- The risks of cybersecurity of third parties are a growing threat, according to the report
- More than a third of all infractions in 2024 were related to third parties
- Retail trade and hospitality were more impacted
Third -party security problems are probably the greatest threat facing its business, has affirmed new research.
The new third -party non -compliance report of Securityscorecard analyzed 1,000 infractions in different industries and regions, and concluded that more than a third (35.5%) of all infractions in 2024 were related to third parties.

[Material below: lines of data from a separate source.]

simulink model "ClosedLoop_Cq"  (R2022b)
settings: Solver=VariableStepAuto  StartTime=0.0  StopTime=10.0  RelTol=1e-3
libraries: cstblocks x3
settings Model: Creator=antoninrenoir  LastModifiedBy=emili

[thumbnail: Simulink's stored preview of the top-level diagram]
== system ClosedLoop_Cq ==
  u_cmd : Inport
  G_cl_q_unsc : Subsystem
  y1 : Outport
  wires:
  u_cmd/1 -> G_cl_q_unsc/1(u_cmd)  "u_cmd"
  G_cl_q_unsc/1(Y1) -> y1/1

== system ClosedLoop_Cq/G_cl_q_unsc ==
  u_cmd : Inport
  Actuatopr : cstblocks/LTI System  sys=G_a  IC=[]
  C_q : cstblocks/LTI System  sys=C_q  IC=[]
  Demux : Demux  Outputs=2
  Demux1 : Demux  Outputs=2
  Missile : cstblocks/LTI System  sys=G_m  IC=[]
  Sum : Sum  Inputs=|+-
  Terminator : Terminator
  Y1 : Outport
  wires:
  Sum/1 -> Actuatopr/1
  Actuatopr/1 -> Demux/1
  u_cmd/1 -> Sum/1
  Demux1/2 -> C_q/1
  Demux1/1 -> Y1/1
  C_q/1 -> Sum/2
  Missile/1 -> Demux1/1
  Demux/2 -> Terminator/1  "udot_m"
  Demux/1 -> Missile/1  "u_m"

To make things worse, this figure is “probably conservative,” said the company, due to the sub -registration and the erroneous classification.
Retail and hospitality
The report also establishes that there has been a significant diversification of the attack surfaces in 2025, compared to the previous year, since less than half (46.75%) of third -party infractions involved technological products and services (compared to 75% of the previous year).
When observing specific industries, Securityscorecard discovered that retail trade and hospitality have suffered the highest third -party breach rate (52.4%), followed by the technology industry (47.3%) and the energy industry and public services (46.7%).
Although it had a rate of 32.2%below the average, the health industry suffered the most third -party infractions in absolute numbers (78).
Geographically, Singapore was worse (71.4%), followed by the Netherlands (70.4%) and Japan (60%).
Securityscorecard also warned about the dangers of ransomware through the risk of third parties. More than two out of five (41.4%) of all ransomware attacks now begin through third parties, with the infamous CL0P group leading the load.
“The threat actors are prioritizing the access of third parties for their scalability. Our research shows ransomware groups and attackers sponsored by the State increasing that they will be climbed throughout its supply chain of the supply chain.